Saved data entries:
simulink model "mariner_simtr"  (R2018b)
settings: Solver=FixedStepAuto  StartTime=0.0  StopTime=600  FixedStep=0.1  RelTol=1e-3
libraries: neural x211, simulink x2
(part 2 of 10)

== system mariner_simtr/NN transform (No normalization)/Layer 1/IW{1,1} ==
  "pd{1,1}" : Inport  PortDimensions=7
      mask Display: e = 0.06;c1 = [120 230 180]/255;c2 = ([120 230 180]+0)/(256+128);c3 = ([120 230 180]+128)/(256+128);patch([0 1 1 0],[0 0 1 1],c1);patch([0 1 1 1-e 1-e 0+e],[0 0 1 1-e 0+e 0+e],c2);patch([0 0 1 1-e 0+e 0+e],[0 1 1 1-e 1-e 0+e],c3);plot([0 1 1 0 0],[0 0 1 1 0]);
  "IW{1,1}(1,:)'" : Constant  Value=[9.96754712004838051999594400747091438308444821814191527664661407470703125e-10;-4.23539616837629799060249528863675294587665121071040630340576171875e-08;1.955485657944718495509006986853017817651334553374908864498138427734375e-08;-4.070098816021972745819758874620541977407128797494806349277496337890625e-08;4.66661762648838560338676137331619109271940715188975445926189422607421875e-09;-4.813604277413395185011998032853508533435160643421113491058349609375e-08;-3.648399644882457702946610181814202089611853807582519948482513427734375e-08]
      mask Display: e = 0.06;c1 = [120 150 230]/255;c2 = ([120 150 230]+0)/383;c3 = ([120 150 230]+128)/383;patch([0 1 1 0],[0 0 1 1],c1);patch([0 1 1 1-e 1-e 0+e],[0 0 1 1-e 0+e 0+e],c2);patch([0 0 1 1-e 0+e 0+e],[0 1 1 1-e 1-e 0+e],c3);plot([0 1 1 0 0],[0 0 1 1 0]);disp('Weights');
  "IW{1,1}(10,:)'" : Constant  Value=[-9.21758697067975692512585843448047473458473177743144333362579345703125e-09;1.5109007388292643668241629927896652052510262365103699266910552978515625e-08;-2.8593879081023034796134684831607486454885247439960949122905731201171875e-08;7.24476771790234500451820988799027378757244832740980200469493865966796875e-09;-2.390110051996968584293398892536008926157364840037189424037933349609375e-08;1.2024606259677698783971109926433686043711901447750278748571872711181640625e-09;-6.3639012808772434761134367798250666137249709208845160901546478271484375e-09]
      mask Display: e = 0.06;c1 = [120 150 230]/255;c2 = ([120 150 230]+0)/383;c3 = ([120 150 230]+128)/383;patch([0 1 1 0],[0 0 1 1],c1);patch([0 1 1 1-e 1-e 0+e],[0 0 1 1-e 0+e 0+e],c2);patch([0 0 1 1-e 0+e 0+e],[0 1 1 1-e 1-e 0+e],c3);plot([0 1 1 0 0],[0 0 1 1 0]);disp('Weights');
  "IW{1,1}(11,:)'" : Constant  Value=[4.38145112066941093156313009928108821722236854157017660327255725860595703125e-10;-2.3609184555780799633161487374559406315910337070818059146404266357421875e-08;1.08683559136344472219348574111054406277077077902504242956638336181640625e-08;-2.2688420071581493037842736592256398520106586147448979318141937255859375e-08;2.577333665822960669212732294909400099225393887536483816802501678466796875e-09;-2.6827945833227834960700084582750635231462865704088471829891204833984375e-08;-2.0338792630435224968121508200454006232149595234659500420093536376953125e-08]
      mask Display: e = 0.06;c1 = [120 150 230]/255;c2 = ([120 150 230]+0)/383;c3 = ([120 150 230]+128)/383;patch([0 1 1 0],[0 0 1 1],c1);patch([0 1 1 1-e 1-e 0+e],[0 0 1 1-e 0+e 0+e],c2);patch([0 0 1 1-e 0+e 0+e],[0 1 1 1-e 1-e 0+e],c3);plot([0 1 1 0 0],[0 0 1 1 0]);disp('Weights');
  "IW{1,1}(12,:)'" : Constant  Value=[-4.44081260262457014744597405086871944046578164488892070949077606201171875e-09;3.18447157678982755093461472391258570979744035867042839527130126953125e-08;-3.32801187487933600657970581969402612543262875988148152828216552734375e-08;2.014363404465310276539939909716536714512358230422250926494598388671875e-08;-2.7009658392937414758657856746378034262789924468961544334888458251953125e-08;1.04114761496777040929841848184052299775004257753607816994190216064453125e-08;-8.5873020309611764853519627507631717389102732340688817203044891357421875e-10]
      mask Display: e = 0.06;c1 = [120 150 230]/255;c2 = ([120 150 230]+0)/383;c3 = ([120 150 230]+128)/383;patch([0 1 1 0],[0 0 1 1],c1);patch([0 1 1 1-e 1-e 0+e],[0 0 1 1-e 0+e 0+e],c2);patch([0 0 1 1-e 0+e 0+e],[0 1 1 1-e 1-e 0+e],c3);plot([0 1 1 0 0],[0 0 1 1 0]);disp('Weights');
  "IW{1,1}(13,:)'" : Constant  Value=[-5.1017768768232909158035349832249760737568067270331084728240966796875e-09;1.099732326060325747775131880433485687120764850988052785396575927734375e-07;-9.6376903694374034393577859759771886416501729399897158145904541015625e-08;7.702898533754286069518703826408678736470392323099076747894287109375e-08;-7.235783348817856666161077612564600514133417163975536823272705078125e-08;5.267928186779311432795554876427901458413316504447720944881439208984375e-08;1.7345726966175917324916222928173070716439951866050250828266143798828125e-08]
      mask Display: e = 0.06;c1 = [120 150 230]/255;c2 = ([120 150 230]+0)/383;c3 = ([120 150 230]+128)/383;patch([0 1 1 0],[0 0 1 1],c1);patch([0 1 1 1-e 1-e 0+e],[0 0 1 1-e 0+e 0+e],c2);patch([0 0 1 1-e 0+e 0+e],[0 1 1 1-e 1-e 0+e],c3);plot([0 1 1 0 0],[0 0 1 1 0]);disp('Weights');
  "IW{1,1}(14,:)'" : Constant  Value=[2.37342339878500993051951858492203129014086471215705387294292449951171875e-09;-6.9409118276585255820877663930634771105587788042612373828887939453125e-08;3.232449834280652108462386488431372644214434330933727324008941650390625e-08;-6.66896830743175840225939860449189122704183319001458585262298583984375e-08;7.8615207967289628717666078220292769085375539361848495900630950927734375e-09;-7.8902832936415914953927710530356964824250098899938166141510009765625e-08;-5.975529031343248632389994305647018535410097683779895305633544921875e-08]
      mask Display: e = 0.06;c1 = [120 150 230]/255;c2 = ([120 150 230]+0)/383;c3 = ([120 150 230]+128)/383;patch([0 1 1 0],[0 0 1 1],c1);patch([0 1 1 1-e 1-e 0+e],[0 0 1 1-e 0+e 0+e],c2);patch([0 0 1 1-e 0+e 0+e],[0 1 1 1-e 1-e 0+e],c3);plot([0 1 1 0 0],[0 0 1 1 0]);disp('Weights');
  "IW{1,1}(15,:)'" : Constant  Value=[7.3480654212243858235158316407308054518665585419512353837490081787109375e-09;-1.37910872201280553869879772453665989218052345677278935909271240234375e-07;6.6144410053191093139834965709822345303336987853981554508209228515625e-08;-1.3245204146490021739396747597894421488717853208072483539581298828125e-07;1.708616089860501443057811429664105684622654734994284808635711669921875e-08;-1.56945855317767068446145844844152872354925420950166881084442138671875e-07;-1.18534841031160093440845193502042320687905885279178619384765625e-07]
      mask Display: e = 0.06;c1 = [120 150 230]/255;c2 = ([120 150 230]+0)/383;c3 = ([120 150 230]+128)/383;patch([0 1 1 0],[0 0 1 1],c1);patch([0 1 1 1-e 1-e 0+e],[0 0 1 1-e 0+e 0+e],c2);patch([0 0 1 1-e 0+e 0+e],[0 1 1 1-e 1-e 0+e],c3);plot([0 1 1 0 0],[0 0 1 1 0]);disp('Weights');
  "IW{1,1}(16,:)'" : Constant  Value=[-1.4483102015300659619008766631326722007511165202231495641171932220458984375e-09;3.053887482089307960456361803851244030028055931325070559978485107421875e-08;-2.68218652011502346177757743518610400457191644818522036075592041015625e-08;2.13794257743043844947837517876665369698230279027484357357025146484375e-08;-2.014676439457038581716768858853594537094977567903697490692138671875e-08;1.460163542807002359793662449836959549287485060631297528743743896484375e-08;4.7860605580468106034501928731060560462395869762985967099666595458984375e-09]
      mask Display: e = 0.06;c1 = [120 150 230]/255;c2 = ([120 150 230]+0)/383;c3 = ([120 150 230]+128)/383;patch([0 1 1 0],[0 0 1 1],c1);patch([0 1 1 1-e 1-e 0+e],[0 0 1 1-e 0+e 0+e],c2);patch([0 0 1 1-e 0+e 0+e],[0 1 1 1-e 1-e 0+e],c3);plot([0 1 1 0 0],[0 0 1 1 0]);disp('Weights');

:: What this task involves ::
Every line in the records above that contains the word "simulink" is to be copied out.

:: Answer space ::
simulink model "mariner_simtr"  (R2018b)
libraries: neural x211, simulink x2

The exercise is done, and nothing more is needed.